+++ RECORDS FOR THE TASK
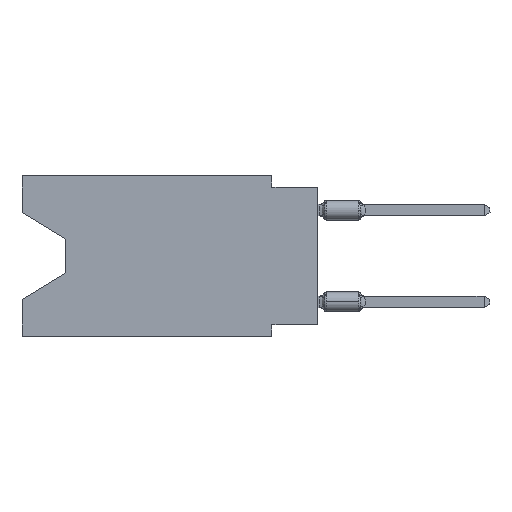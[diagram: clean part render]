
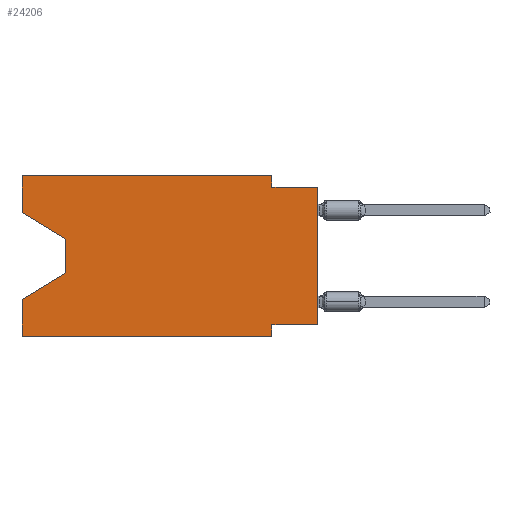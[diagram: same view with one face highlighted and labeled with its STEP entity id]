
A CAD part, left-side view. The second image highlights one B-rep face of the part: STEP entity #24206.
In plain terms, the highlighted planar face has unit normal (-1, 0, 0).
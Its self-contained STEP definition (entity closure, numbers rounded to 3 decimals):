
#63 = ORIENTED_EDGE ( 'NONE', *, *, #12163, .F. ) ;
#110 = EDGE_CURVE ( 'NONE', #4242, #20784, #15021, .T. ) ;
#145 = VERTEX_POINT ( 'NONE', #22440 ) ;
#701 = LINE ( 'NONE', #5092, #11464 ) ;
#849 = DIRECTION ( 'NONE',  ( 0., 0., -1. ) ) ;
#1726 = ORIENTED_EDGE ( 'NONE', *, *, #17139, .F. ) ;
#2174 = DIRECTION ( 'NONE',  ( 0., -1., 0. ) ) ;
#2286 = VECTOR ( 'NONE', #12765, 1000. ) ;
#2455 = VERTEX_POINT ( 'NONE', #19129 ) ;
#2581 = ORIENTED_EDGE ( 'NONE', *, *, #12914, .F. ) ;
#2761 = DIRECTION ( 'NONE',  ( 0., 0.855, -0.519 ) ) ;
#2766 = ORIENTED_EDGE ( 'NONE', *, *, #25310, .F. ) ;
#2929 = EDGE_CURVE ( 'NONE', #4255, #21670, #27633, .T. ) ;
#2967 = DIRECTION ( 'NONE',  ( 0., 0., 1. ) ) ;
#3028 = DIRECTION ( 'NONE',  ( 1., 0., 0. ) ) ;
#3154 = ORIENTED_EDGE ( 'NONE', *, *, #2929, .T. ) ;
#3431 = DIRECTION ( 'NONE',  ( 0., 0., 1. ) ) ;
#3749 = DIRECTION ( 'NONE',  ( 0., -1., 0. ) ) ;
#4173 = CARTESIAN_POINT ( 'NONE',  ( 0., 0., -8.255 ) ) ;
#4242 = VERTEX_POINT ( 'NONE', #27217 ) ;
#4255 = VERTEX_POINT ( 'NONE', #7940 ) ;
#4667 = LINE ( 'NONE', #6843, #15744 ) ;
#5089 = PLANE ( 'NONE',  #6847 ) ;
#5092 = CARTESIAN_POINT ( 'NONE',  ( 0., 13.97, -5.385 ) ) ;
#5282 = EDGE_LOOP ( 'NONE', ( #3154, #17587, #8182, #63, #8041, #2581, #2766, #13325, #26679, #1726, #6738, #15388 ) ) ;
#5836 = EDGE_CURVE ( 'NONE', #4255, #4242, #26308, .T. ) ;
#5970 = VECTOR ( 'NONE', #8601, 1000. ) ;
#6628 = CARTESIAN_POINT ( 'NONE',  ( 0., 2.54, 0. ) ) ;
#6738 = ORIENTED_EDGE ( 'NONE', *, *, #110, .F. ) ;
#6843 = CARTESIAN_POINT ( 'NONE',  ( 0., 16.383, -8.89 ) ) ;
#6847 = AXIS2_PLACEMENT_3D ( 'NONE', #13720, #3028, #849 ) ;
#7482 = VERTEX_POINT ( 'NONE', #20633 ) ;
#7940 = CARTESIAN_POINT ( 'NONE',  ( 0., 16.383, -2.038 ) ) ;
#7946 = VECTOR ( 'NONE', #27133, 1000. ) ;
#7950 = VECTOR ( 'NONE', #3749, 1000. ) ;
#8041 = ORIENTED_EDGE ( 'NONE', *, *, #15244, .T. ) ;
#8182 = ORIENTED_EDGE ( 'NONE', *, *, #22744, .T. ) ;
#8382 = LINE ( 'NONE', #25988, #16746 ) ;
#8385 = LINE ( 'NONE', #9104, #10694 ) ;
#8523 = CARTESIAN_POINT ( 'NONE',  ( 0., 16.383, -2.038 ) ) ;
#8601 = DIRECTION ( 'NONE',  ( 0., 1., 0. ) ) ;
#9104 = CARTESIAN_POINT ( 'NONE',  ( 0., 0., 0. ) ) ;
#9221 = LINE ( 'NONE', #18175, #7946 ) ;
#10438 = DIRECTION ( 'NONE',  ( 0., 0., -1. ) ) ;
#10694 = VECTOR ( 'NONE', #2967, 1000. ) ;
#10977 = VERTEX_POINT ( 'NONE', #16268 ) ;
#11464 = VECTOR ( 'NONE', #2761, 1000. ) ;
#12080 = VECTOR ( 'NONE', #10438, 1000. ) ;
#12163 = EDGE_CURVE ( 'NONE', #10977, #145, #8382, .T. ) ;
#12490 = CARTESIAN_POINT ( 'NONE',  ( 0., 2.54, -8.255 ) ) ;
#12765 = DIRECTION ( 'NONE',  ( 0., -0.855, -0.519 ) ) ;
#12914 = EDGE_CURVE ( 'NONE', #25857, #7482, #9221, .T. ) ;
#13275 = LINE ( 'NONE', #22218, #27461 ) ;
#13325 = ORIENTED_EDGE ( 'NONE', *, *, #26149, .T. ) ;
#13379 = VECTOR ( 'NONE', #21947, 1000. ) ;
#13720 = CARTESIAN_POINT ( 'NONE',  ( 0., 16.383, 0. ) ) ;
#15021 = LINE ( 'NONE', #17508, #7950 ) ;
#15244 = EDGE_CURVE ( 'NONE', #10977, #7482, #4667, .T. ) ;
#15388 = ORIENTED_EDGE ( 'NONE', *, *, #5836, .F. ) ;
#15513 = CARTESIAN_POINT ( 'NONE',  ( 0., 0., -8.255 ) ) ;
#15744 = VECTOR ( 'NONE', #2174, 1000. ) ;
#16268 = CARTESIAN_POINT ( 'NONE',  ( 0., 16.383, -8.89 ) ) ;
#16746 = VECTOR ( 'NONE', #3431, 1000. ) ;
#17139 = EDGE_CURVE ( 'NONE', #20784, #24672, #23947, .T. ) ;
#17508 = CARTESIAN_POINT ( 'NONE',  ( 0., 16.383, 0. ) ) ;
#17574 = VERTEX_POINT ( 'NONE', #19661 ) ;
#17587 = ORIENTED_EDGE ( 'NONE', *, *, #24113, .T. ) ;
#18143 = LINE ( 'NONE', #15513, #5970 ) ;
#18175 = CARTESIAN_POINT ( 'NONE',  ( 0., 2.54, -8.89 ) ) ;
#18240 = VECTOR ( 'NONE', #26449, 1000. ) ;
#18259 = CARTESIAN_POINT ( 'NONE',  ( 0., 13.97, -3.505 ) ) ;
#18379 = CARTESIAN_POINT ( 'NONE',  ( 0., 2.54, -0.635 ) ) ;
#18412 = FACE_OUTER_BOUND ( 'NONE', #5282, .T. ) ;
#19129 = CARTESIAN_POINT ( 'NONE',  ( 0., 13.97, -5.385 ) ) ;
#19661 = CARTESIAN_POINT ( 'NONE',  ( 0., 0., -0.635 ) ) ;
#20633 = CARTESIAN_POINT ( 'NONE',  ( 0., 2.54, -8.89 ) ) ;
#20784 = VERTEX_POINT ( 'NONE', #6628 ) ;
#21670 = VERTEX_POINT ( 'NONE', #18259 ) ;
#21947 = DIRECTION ( 'NONE',  ( 0., -1., 0. ) ) ;
#22218 = CARTESIAN_POINT ( 'NONE',  ( 0., 13.97, -3.505 ) ) ;
#22316 = CARTESIAN_POINT ( 'NONE',  ( 0., 16.383, 0. ) ) ;
#22369 = LINE ( 'NONE', #26660, #13379 ) ;
#22440 = CARTESIAN_POINT ( 'NONE',  ( 0., 16.383, -6.852 ) ) ;
#22744 = EDGE_CURVE ( 'NONE', #2455, #145, #701, .T. ) ;
#23947 = LINE ( 'NONE', #28641, #12080 ) ;
#24041 = EDGE_CURVE ( 'NONE', #24672, #17574, #22369, .T. ) ;
#24113 = EDGE_CURVE ( 'NONE', #21670, #2455, #13275, .T. ) ;
#24206 = ADVANCED_FACE ( 'NONE', ( #18412 ), #5089, .F. ) ;
#24573 = DIRECTION ( 'NONE',  ( 0., 0., -1. ) ) ;
#24672 = VERTEX_POINT ( 'NONE', #18379 ) ;
#25310 = EDGE_CURVE ( 'NONE', #26843, #25857, #18143, .T. ) ;
#25857 = VERTEX_POINT ( 'NONE', #12490 ) ;
#25988 = CARTESIAN_POINT ( 'NONE',  ( 0., 16.383, 0. ) ) ;
#26149 = EDGE_CURVE ( 'NONE', #26843, #17574, #8385, .T. ) ;
#26308 = LINE ( 'NONE', #22316, #18240 ) ;
#26449 = DIRECTION ( 'NONE',  ( 0., 0., 1. ) ) ;
#26660 = CARTESIAN_POINT ( 'NONE',  ( 0., 0., -0.635 ) ) ;
#26679 = ORIENTED_EDGE ( 'NONE', *, *, #24041, .F. ) ;
#26843 = VERTEX_POINT ( 'NONE', #4173 ) ;
#27133 = DIRECTION ( 'NONE',  ( 0., 0., -1. ) ) ;
#27217 = CARTESIAN_POINT ( 'NONE',  ( 0., 16.383, 0. ) ) ;
#27461 = VECTOR ( 'NONE', #24573, 1000. ) ;
#27633 = LINE ( 'NONE', #8523, #2286 ) ;
#28641 = CARTESIAN_POINT ( 'NONE',  ( 0., 2.54, 0. ) ) ;
++++++
● YOUR ASSIGNMENT
Write out the records above exactly. Begin with the first line, end with the line holding "#63 = ORIENTED_EDGE", and drop the pictures.

● RESULT OF THE TASK
[diagram: clean part render]
[diagram: same view with one face highlighted and labeled with its STEP entity id]
A CAD part, left-side view. The second image highlights one B-rep face of the part: STEP entity #24206.
In plain terms, the highlighted planar face has unit normal (-1, 0, 0).
Its self-contained STEP definition (entity closure, numbers rounded to 3 decimals):
#63 = ORIENTED_EDGE ( 'NONE', *, *, #12163, .F. ) ;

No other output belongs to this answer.